Collection entries

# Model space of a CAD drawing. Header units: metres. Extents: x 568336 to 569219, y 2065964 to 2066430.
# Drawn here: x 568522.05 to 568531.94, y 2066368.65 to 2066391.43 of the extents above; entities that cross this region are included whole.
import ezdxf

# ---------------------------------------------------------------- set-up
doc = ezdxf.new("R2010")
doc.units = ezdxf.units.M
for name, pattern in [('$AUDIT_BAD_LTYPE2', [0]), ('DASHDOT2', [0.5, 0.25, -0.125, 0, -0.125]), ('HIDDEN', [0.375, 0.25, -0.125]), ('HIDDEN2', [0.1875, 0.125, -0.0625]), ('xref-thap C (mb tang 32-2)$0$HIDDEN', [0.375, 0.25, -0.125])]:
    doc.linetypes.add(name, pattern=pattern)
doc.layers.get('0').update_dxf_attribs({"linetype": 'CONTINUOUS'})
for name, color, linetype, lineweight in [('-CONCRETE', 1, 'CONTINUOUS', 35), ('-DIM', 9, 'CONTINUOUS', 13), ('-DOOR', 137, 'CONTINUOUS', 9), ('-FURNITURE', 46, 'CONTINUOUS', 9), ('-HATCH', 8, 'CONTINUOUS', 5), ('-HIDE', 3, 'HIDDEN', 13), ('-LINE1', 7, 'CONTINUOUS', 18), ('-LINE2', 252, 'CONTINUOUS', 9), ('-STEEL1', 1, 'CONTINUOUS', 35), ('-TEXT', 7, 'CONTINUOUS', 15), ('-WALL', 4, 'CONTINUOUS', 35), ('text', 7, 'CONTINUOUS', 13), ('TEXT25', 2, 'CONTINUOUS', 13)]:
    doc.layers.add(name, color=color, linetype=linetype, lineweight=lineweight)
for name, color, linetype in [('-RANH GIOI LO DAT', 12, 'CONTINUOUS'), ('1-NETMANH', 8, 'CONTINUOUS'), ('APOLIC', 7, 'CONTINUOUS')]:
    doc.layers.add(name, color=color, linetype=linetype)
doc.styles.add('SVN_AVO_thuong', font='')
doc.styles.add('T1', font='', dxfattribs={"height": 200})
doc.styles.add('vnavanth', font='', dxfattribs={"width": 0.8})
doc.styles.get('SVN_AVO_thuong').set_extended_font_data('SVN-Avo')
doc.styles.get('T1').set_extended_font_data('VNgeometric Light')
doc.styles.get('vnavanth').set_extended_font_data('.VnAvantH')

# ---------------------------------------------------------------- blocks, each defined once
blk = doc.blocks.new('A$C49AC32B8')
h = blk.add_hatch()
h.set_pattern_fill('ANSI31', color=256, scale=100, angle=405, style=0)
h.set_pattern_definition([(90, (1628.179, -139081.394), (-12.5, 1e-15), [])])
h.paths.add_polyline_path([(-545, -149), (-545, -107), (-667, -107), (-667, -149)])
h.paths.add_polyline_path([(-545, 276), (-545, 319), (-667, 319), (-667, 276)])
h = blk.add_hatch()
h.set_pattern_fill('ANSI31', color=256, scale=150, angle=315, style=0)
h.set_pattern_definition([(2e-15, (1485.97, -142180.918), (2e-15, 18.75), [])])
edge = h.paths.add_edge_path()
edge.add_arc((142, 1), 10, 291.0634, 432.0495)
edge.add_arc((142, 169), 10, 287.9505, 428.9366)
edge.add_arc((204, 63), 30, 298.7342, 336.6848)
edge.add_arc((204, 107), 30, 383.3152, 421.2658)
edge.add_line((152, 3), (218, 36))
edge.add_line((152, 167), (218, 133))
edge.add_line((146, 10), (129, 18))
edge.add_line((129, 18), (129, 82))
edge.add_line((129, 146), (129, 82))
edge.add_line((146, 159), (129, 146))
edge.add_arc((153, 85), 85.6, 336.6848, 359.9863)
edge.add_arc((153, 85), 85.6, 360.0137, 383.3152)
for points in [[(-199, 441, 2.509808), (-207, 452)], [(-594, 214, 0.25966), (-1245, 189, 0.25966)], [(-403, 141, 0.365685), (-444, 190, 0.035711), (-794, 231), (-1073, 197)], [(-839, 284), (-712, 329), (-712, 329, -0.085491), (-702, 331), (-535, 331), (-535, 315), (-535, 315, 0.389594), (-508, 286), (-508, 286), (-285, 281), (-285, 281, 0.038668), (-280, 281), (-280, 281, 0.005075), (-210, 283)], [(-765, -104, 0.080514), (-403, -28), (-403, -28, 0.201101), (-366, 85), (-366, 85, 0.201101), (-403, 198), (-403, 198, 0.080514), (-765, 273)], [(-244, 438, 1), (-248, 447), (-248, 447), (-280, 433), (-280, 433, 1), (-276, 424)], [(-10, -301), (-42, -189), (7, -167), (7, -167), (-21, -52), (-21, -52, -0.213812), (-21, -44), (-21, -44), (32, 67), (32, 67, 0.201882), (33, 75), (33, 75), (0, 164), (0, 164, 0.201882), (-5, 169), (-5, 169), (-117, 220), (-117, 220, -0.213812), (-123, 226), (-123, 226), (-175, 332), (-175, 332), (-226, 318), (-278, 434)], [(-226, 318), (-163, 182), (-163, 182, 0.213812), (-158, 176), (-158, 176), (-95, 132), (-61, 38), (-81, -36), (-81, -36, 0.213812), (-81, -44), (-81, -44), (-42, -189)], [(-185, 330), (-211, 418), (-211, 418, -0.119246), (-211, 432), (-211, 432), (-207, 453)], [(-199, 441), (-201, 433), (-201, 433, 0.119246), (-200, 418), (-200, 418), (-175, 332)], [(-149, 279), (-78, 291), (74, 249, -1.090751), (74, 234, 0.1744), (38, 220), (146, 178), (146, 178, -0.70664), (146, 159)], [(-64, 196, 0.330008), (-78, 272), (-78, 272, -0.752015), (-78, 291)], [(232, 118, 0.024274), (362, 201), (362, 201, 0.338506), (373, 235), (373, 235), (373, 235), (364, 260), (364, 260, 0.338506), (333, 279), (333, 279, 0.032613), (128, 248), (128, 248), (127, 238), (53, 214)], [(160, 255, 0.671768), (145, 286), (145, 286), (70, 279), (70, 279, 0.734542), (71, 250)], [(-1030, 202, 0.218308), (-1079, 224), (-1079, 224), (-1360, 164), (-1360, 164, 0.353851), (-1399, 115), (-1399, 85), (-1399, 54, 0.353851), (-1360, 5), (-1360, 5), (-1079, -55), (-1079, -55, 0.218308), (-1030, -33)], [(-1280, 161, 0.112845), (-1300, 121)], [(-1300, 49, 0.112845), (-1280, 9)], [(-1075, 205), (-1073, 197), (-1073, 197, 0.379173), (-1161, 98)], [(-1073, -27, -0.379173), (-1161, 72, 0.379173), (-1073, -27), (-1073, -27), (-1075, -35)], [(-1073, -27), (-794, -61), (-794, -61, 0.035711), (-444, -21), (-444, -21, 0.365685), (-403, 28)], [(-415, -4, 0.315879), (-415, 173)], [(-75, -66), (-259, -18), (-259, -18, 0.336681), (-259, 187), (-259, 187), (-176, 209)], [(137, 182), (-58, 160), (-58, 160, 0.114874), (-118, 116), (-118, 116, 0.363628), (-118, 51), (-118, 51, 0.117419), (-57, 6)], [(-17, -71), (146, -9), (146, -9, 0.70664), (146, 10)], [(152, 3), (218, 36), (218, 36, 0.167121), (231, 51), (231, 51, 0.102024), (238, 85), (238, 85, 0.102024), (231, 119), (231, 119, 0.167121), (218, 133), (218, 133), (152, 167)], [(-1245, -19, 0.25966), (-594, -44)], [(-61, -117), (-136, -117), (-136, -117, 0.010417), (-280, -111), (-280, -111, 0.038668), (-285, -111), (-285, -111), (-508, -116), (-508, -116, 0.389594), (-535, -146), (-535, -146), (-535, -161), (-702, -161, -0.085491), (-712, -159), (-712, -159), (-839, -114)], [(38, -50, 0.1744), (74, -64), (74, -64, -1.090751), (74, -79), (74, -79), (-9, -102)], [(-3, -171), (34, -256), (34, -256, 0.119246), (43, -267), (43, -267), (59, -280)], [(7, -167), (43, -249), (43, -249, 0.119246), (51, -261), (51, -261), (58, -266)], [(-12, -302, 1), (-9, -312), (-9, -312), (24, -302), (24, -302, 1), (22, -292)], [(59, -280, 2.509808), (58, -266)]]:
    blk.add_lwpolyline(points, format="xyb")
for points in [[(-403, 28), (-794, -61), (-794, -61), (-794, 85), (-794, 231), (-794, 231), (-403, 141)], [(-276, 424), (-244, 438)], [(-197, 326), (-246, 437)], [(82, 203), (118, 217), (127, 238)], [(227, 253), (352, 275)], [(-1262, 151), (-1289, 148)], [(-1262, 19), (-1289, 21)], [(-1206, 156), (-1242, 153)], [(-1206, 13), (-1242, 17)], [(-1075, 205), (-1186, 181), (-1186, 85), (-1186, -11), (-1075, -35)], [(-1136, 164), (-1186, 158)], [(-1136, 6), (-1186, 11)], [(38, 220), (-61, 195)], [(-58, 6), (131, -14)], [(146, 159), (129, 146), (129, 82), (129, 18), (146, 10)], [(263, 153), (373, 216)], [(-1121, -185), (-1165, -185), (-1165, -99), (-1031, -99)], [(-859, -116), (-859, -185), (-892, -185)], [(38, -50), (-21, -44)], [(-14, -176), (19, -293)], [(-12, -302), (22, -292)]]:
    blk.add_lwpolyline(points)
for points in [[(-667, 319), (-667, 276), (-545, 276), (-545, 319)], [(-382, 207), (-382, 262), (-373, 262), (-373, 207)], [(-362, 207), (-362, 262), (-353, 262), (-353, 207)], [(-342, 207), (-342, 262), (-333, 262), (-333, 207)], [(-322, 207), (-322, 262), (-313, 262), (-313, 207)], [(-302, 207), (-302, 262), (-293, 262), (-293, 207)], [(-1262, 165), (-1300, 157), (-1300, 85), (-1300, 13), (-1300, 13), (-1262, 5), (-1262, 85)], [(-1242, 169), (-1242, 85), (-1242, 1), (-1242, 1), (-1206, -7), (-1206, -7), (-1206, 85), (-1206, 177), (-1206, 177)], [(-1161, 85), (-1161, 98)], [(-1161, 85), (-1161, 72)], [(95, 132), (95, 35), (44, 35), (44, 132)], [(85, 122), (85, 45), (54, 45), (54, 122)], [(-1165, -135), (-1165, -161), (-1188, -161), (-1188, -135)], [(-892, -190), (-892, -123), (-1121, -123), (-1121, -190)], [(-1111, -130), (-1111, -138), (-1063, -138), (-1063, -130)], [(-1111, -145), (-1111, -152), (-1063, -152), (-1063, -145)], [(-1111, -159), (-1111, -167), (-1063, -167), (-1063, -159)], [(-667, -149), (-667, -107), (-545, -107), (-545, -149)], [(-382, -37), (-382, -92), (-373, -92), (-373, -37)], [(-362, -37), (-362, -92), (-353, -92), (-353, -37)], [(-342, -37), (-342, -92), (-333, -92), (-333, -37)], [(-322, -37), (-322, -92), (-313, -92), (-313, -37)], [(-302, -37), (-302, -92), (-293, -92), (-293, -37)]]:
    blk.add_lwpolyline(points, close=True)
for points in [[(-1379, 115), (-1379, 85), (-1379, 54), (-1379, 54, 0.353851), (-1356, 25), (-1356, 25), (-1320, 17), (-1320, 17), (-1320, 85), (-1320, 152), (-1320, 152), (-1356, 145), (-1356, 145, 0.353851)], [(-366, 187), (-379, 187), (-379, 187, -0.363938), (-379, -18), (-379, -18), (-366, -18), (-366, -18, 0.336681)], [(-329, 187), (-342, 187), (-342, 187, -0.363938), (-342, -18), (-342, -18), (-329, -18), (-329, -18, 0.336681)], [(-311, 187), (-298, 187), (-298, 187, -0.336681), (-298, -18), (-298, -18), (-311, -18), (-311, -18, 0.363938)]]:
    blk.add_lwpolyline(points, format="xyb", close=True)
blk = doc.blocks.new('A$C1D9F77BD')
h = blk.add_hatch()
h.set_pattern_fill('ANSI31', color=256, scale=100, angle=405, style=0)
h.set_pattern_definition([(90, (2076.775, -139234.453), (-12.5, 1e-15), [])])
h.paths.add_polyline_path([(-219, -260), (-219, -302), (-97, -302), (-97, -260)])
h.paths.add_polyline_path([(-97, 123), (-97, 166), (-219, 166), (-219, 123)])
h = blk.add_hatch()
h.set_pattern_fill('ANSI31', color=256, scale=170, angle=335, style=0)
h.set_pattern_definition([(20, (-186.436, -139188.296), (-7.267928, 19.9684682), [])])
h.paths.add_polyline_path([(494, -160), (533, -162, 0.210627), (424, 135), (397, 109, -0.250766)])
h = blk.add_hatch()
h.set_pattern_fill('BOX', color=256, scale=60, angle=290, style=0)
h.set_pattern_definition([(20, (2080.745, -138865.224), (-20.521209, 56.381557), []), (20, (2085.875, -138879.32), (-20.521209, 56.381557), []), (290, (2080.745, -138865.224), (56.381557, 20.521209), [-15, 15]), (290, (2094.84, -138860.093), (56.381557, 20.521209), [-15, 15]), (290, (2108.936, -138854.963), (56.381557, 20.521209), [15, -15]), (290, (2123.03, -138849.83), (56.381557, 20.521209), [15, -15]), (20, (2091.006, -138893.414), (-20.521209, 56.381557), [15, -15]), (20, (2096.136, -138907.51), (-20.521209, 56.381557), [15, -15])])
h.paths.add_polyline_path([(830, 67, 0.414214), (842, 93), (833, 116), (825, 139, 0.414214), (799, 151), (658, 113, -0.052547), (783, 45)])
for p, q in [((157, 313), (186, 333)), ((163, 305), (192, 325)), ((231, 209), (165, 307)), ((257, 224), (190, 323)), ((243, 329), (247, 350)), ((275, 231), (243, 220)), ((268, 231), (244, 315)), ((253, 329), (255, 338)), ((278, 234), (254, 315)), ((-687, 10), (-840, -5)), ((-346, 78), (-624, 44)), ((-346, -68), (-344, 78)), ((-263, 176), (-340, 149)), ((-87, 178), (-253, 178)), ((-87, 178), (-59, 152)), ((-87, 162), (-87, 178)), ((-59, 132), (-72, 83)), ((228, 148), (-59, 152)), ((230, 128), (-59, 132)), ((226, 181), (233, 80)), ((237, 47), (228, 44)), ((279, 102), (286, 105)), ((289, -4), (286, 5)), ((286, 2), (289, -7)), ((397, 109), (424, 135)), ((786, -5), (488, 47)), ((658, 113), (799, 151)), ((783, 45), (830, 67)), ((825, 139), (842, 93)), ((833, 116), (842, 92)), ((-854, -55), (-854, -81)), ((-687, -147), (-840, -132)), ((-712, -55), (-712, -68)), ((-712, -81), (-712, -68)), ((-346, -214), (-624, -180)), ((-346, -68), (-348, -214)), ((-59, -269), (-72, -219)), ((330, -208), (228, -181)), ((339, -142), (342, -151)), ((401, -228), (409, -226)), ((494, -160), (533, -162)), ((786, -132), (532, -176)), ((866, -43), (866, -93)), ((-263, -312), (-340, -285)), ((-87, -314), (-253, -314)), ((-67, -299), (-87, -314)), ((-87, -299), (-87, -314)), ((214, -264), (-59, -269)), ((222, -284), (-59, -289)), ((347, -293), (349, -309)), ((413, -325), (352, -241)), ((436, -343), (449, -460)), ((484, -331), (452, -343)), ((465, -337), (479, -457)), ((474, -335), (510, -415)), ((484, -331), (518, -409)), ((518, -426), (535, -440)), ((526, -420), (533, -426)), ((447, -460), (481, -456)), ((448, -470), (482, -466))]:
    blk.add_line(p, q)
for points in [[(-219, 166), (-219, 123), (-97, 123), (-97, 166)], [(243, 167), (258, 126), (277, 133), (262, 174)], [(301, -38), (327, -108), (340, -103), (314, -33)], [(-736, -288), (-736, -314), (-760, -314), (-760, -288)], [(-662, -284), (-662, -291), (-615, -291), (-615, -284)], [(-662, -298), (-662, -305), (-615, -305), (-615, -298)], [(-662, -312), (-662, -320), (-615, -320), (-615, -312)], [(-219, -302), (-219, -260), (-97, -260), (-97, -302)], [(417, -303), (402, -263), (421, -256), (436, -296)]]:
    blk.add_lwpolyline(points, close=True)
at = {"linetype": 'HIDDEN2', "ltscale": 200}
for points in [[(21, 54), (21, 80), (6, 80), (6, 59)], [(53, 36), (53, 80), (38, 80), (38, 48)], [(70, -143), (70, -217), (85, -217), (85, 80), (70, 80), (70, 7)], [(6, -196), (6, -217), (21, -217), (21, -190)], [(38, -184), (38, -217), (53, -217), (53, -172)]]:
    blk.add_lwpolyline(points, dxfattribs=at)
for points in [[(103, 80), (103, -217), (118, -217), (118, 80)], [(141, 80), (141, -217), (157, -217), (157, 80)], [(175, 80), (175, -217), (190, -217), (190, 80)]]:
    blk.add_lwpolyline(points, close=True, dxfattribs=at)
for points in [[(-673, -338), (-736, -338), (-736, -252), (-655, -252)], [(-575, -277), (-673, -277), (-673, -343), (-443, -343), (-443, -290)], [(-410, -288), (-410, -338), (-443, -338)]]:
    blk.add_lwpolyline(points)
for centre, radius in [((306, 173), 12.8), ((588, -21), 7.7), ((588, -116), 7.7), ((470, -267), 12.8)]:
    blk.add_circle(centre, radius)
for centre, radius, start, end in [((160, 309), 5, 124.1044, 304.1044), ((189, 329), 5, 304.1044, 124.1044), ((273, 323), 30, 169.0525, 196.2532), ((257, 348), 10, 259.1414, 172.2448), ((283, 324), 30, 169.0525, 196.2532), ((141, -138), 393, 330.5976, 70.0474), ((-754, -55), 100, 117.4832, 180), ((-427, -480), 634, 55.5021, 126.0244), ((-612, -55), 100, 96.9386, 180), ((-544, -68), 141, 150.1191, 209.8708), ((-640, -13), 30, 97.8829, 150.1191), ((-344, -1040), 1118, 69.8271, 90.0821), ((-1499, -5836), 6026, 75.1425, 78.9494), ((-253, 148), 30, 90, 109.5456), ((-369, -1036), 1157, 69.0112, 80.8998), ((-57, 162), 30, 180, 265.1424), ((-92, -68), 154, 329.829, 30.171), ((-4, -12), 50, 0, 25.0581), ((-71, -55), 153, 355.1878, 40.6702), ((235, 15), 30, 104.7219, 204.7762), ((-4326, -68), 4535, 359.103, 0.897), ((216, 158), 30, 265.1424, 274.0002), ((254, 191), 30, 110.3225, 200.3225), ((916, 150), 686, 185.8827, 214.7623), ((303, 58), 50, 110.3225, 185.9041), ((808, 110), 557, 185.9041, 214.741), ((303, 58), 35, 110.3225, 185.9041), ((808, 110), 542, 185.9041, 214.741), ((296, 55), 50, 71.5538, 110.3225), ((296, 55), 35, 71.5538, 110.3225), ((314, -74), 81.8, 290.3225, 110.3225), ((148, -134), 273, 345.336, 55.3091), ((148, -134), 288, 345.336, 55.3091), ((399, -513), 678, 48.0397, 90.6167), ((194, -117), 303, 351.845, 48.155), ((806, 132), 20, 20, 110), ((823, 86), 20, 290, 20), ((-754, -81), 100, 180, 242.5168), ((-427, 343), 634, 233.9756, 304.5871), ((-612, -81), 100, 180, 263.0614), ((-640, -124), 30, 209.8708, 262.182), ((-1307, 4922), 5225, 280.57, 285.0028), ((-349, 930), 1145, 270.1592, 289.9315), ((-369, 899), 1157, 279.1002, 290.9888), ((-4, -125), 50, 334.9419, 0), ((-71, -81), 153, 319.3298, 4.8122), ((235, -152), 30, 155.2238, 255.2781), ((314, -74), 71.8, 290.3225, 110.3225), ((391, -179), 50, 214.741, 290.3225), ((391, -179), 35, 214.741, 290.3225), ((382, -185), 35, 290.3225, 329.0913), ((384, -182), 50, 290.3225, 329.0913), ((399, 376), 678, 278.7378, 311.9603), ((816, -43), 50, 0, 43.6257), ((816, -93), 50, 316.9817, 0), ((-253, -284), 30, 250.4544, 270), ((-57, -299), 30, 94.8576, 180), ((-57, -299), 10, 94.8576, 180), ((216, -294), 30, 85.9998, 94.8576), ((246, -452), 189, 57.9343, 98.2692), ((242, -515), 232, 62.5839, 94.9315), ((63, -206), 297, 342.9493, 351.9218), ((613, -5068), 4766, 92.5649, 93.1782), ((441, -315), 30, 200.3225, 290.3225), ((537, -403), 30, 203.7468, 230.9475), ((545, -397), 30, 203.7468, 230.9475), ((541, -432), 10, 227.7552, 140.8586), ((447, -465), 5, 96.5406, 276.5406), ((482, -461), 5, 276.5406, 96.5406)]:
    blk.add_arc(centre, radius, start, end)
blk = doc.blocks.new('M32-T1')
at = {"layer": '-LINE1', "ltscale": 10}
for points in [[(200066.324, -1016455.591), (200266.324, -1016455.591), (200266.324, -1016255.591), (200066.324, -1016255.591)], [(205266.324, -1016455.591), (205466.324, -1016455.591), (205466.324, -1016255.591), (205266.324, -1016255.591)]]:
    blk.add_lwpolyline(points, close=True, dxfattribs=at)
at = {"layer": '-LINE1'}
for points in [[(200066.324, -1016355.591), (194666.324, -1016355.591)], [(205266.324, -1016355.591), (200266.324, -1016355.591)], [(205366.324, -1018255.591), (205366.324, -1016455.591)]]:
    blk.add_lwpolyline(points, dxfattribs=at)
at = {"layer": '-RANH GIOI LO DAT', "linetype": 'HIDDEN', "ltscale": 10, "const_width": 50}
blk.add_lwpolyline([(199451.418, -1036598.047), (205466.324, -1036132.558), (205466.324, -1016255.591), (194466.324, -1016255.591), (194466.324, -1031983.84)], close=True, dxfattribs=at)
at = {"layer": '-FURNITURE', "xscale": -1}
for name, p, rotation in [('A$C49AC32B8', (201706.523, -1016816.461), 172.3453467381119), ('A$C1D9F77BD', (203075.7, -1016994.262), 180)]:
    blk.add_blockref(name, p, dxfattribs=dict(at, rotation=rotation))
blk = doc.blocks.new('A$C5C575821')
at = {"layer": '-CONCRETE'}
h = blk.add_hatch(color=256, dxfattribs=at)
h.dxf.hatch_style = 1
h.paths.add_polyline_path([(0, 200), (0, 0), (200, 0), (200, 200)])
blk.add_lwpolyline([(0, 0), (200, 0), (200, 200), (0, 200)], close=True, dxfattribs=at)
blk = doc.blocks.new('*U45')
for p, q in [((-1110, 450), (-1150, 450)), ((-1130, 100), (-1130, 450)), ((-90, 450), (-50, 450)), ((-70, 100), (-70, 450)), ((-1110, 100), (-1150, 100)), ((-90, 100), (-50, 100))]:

■ **What this task involves**: Beginning at the first line above, repeat exactly until the line containing "import ezdxf", which is included.

■ **Answer below**:
# Model space of a CAD drawing. Header units: metres. Extents: x 568336 to 569219, y 2065964 to 2066430.
# Drawn here: x 568522.05 to 568531.94, y 2066368.65 to 2066391.43 of the extents above; entities that cross this region are included whole.
import ezdxf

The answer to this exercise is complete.